Grampa Celtic Talks Chaz Barkley


ATLANTA -- Lenny Wilkens understands Charles Barkley. It's very simple, he says. Just don't ask him a question if you really don't want to hear the answer.

``Charles is a great player,'' asserts the American Olympic mentor. ``He's very responsive to coaching. He comes to play. He's like Christian Laettner. They're very honest. They're going to tell you what they think. If you don't like honesty, you don't want to be around Charles. He's not going to sugarcoat it for you.''

Charles Barkley is an Equal Opportunity Offender. There is, for example, the subject of those irritating 10 p.m. starting times here in Atlanta. Charles knows very well they are dictated by all-powerful NBC, an entity whose lavish payments help make possible his own lavish lifestyle. ``It's very, very hard to play when you're starting at 10 o'clock,'' he says. ``We've had to move practice back in order to cut down on our free time in order to get ready to play. And then they don't even want to show the whole game, anyway.''

There is the subject of his confrontational style of play, especially considering the image problem the US created with its boorish behavior in Toronto at the 1994 World Championships. Charles makes it clear he has no intention of taking the Dale Carnegie route in the Olympics. He refuses to apologize for elbowing slender Angolan Herlander Coimbra in the '92 Olympic opener (he laughingly suggested that his African foe might have been carrying a spear, and just imagine the furor if a white guy said that), and he didn't exactly back away from trouble when Australia guard Shane Heal got a bit mouthy in their exhibition game a week ago Friday in Salt Lake City. He also managed to get a technical foul in the waning minutes of the first half against Argentina Saturday evening. It's quite clear that if there is going to be an international incident involving the American basketball team, the central figure will be Charles Barkley.

``I'm very consistent,'' he says when asked if he plans to avoid confrontations similar to the one with Heal. ``I try to hit everybody. In Heal's case, he was a talkative little fellow. He called me a couple of names NOT_FOUNDafter Barkley fouled him on a 3-point attempt without drawing a whistle, an officiating transgression that Barkley cheerfully admitsNOT_FOUND, and I told him I wouldn't take that from an American, and I definitely wasn't gonna take that off a foreigner. So we owe him one.''

Speaking of ``owing'' people something, do not look for any get-even tactics to be implemented by the aforementioned Coimbra, who would like to lead a placid existence on the court when the US bullies play Angola this evening. Coimbra knows he is a footnote in US Olympic basketball history, and footnote status is just fine with him.

``It is not a good way to be famous,'' he says. ``I hope he does not do this again. It is not good for sport.''

As for the word revenge, you kiddin', or what?

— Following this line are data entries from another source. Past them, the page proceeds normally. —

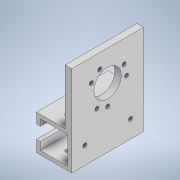
# Autodesk Inventor part: enc holder
Saved by Autodesk Inventor 2022 (Build 260153000, 153)
## iProperties
Created: 2022-05-06
Part Number: enc holder
Material: Generic
Document SubType Name: Modeling
Designer: erasm
Density: 1 g/cm^3
Appearance: Default
Author: erasm
Autodesk Inventor part; units mm, degrees
ref_plane "YZ Plane" through (0, 0, 0) normal (1, 0, 0) x (0, 1, 0)
ref_plane "XZ Plane" through (0, 0, 0) normal (0, 1, 0) x (-1, 0, 0)
ref_plane "XY Plane" through (0, 0, 0) normal (0, 0, 1) x (1, 0, 0)
sketch "Sketch1" plane through (0, 0, 0) normal (0, 0, 1) x (1, 0, 0)
  line L0 (10, 10) -> (-10, 10) construction
  line L1 (-10, 10) -> (-10, -10) construction
  line L2 (-10, -10) -> (10, -10) construction
  line L3 (10, -10) -> (10, 10) construction
  line L4 (-7, -7) -> (-7, 7) construction
  line L5 (-7, 7) -> (7, 7) construction
  line L6 (7, 7) -> (7, -7) construction
  line L7 (7, -7) -> (-7, -7) construction
  line L8 (13.5, 13.5) -> (-13.5, 13.5)
  line L9 (-13.5, 13.5) -> (-13.5, -13.5)
  line L10 (-13.5, -13.5) -> (13.5, -13.5)
  line L11 (13.5, -13.5) -> (13.5, 13.5)
  line L12 (10.5, 10.5) -> (-10.5, 10.5)
  line L13 (-10.5, 10.5) -> (-10.5, -10.5)
  line L14 (-10.5, -10.5) -> (10.5, -10.5)
  line L15 (10.5, -10.5) -> (10.5, 10.5)
  point P0 (0, 0)
  point P1 (-10.5, 0)
  point P2 (0, 10.5)
  dimension "d36" = 21
  dimension "d37" = 21
  dimension "d38" = 3
  dimension "d39" = 3
  dimension "d40" = 3
  dimension "d41" = 3
  constraints: 16 end point, 4 parallel, 2 horizontal, 2 midpoint, 2 perpendicular, 1 horizontal alignment, 1 vertical alignment
  measures "d36" distance of L14.end L13.end
  measures "d37" distance of L13.end L12.end
  measures "d38" distance between parallel lines of L9 L13
  measures "d39" distance between parallel lines of L11 L15
  measures "d40" distance between parallel lines of L8 L12
  measures "d41" distance between parallel lines of L10 L14
extrude "Extrusion1" add sketch "Sketch1" against normal blind 55
sketch "Sketch2" plane through (-13.5, -13.5, 0) normal (-1, 0, 0) x (0, 0, 1)
  line L0 (-80.4804, 19) -> (40.5, 19)
  line L1 (40.5, 19) -> (40.5, 9)
  line L2 (40.5, 9) -> (-80.4804, 9)
  line L3 (-80.4804, 9) -> (-80.4804, 19)
  line L4 (0, 27) -> (-55, 27) projected
  point P0 (0, 13.5)
  dimension "d7" = 10
  dimension "d8" = 8
  constraints: 8 end point, 2 parallel, 1 horizontal, 1 perpendicular
  measures "d7" distance between parallel lines of L2 L0
  measures "d8" distance between parallel lines of L4 L0
extrude "Extrusion2" cut sketch "Sketch2" against normal blind 15.3125
sketch "Sketch3" plane through (-13.5, 13.5, 0) normal (0, 1, 0) x (1, 0, 0)
  line L0 (27, 0) -> (0, 0) projected
  line L1 (3, 55) -> (23, 55) projected
  line L2 (27, 0) -> (22, 0)
  line L3 (22, 0) -> (22, 55)
  line L4 (22, 55) -> (27, 55)
  line L5 (27, 55) -> (27, 0)
  point P0 (13.5, 0)
  dimension "d11" = 5
  constraints: 8 end point, 2 parallel, 1 horizontal, 1 perpendicular, 1 point on line
  measures "d11" distance of L3.end L4.end
extrude "Extrusion3" add sketch "Sketch3" along normal blind 42.3
sketch "Sketch4" plane through (13.5, -13.5, 0) normal (1, 0, 0) x (0, 0, -1)
  line L0 (0, 27) -> (55, 27) projected
  circle A0 centre (27.5, 46) radius 18
  line L1 (0, 69.3) -> (55, 69.3) projected
  circle A1 centre (27.5, 46) radius 3
  point P0 (0, 13.5)
  point P1 (27.5, 69.3)
  dimension "d14" = 36
  dimension "d15" = 19
  dimension "d16" = 6
  constraints: 2 centre point, 1 coincident, 1 midpoint, 1 vertical alignment
  measures "d14" diameter of A0
  measures "d15" distance from line of L0 A0.centre
  measures "d16" diameter of A1
extrude "Extrusion4" cut sketch "Sketch4" against normal blind 42.3 contours A1
sketch "Sketch5" plane through (13.5, -13.5, 0) normal (1, 0, 0) x (0, 0, -1)
  circle A0 centre (27.5, 46) radius 3 projected
  circle A1 centre (27.5, 46) radius 10.5
  point P0 (0, 13.5)
  dimension "d19" = 21
  constraints: 1 centre point, 1 coincident
  measures "d19" diameter of A1
extrude "Extrusion5" cut sketch "Sketch5" against normal blind 42.3
sketch "Sketch6" plane through (13.5, -13.5, 0) normal (1, 0, 0) x (0, 0, -1)
  circle A0 centre (27.5, 30.5) radius 1.5 projected
  circle A1 centre (19.1831, 33.1223) radius 1.495 projected
  circle A2 centre (14.9426, 52.25) radius 1.5 projected
  circle A3 centre (21.372, 58.1415) radius 1.495 projected
  circle A4 centre (40.0574, 52.25) radius 1.5 projected
  circle A5 centre (41.9448, 43.7362) radius 1.495 projected
  point P0 (0, 13.5)
extrude "Extrusion6" cut sketch "Sketch6" against normal blind 42.3
sketch "Sketch7" plane through (13.5, -13.5, 0) normal (1, 0, 0) x (0, 0, -1)
  circle A0 centre (10, 13.5) radius 1.5
  circle A1 centre (45, 13.5) radius 1.5
  line L0 (0, 0) -> (0, 69.3) projected
  line L1 (55, 0) -> (55, 69.3) projected
  point P0 (0, 13.5)
  dimension "d24" = 3
  dimension "d25" = 3
  dimension "d26" = 10
  dimension "d27" = 10
  constraints: 2 centre point, 2 horizontal alignment
  measures "d24" diameter of A0
  measures "d25" diameter of A1
  measures "d26" distance from line of L0 A0.centre
  measures "d27" distance from line of L1 A1.centre
extrude "Extrusion7" cut sketch "Sketch7" against normal blind 10
sketch "Sketch8" plane through (-13.5, -13.5, 0) normal (0, -1, 0) x (1, 0, 0)
  circle A0 centre (13.5, -10) radius 1.5
  circle A1 centre (13.5, -45) radius 1.5
  line L0 (27, -55) -> (0, -55) projected
  line L1 (0, 0) -> (27, 0) projected
  point P0 (13.5, 0)
  point P1 (13.5, 0)
  point P2 (13.5, 0)
  dimension "d30" = 3
  dimension "d31" = 3
  dimension "d32" = 10
  dimension "d33" = 10
  constraints: 2 centre point, 2 midpoint, 2 vertical alignment
  measures "d30" diameter of A0
  measures "d31" diameter of A1
  measures "d32" distance from line of L0 A1.centre
  measures "d33" distance from line of L1 A0.centre
extrude "Extrusion8" cut sketch "Sketch8" against normal through all
body "Solid1"

``No,'' he says. ``That's impossible. That is not a good way to play. And I don't have the muscles to do that.''

Barkley, of course, has the muscles to do just about anything he wishes in these games. International foes simply don't appear to know what to make of him. There are no ``Barkley types'' on the international scene, no 6-foot-5-inch, 250-pound board-banging marauders who have linebacker mentalities, who can take a defensive rebound and weave through coast-to-coast traffic and who can nail threes. Small wonder that he was the single most effective Dream Team player in '92, or that whenever Wilkens wants a basket he knows the best way to get one is to throw the ball to Charles on the block.

Like many great people, Barkley has the infinite capacity to believe what he wants to believe. He has always maintained, for example, that he was provoked in Barcelona by the 6-6, 170-pound Coimbra.

``Do not believe it,'' says Coimbra. ``If you watch the tape, you will see I did nothing. You can watch it.''

There is also the soft side of Barkley. There is the Charles Barkley who posed for a picture with Coimbra after that game in Barcelona. There is the Charles Barkley who says of the Opening Ceremonies, ``If you don't get emotional or excited about that, there is something wrong with you.'' There is the Charles Barkley who was in attendance at the US women's game with Cuba yesterday afternoon because ``they deserve our support and we really, really, really want them to win the gold.''

But at the core there is the Charles Barkley who, as Wilkens says, doesn't ``sugarcoat anything,'' the one who doesn't seem to care how it hits his new teammates when he fulminates daily about the folly of calling this group a ``Dream Team'' (``Please change the name to Team USA'').

Charles sometimes says profound things, sometimes stupid things. But Charles always says the things he really wants to say. The way he looks at it, if you can't handle that, the problem is yours, not his.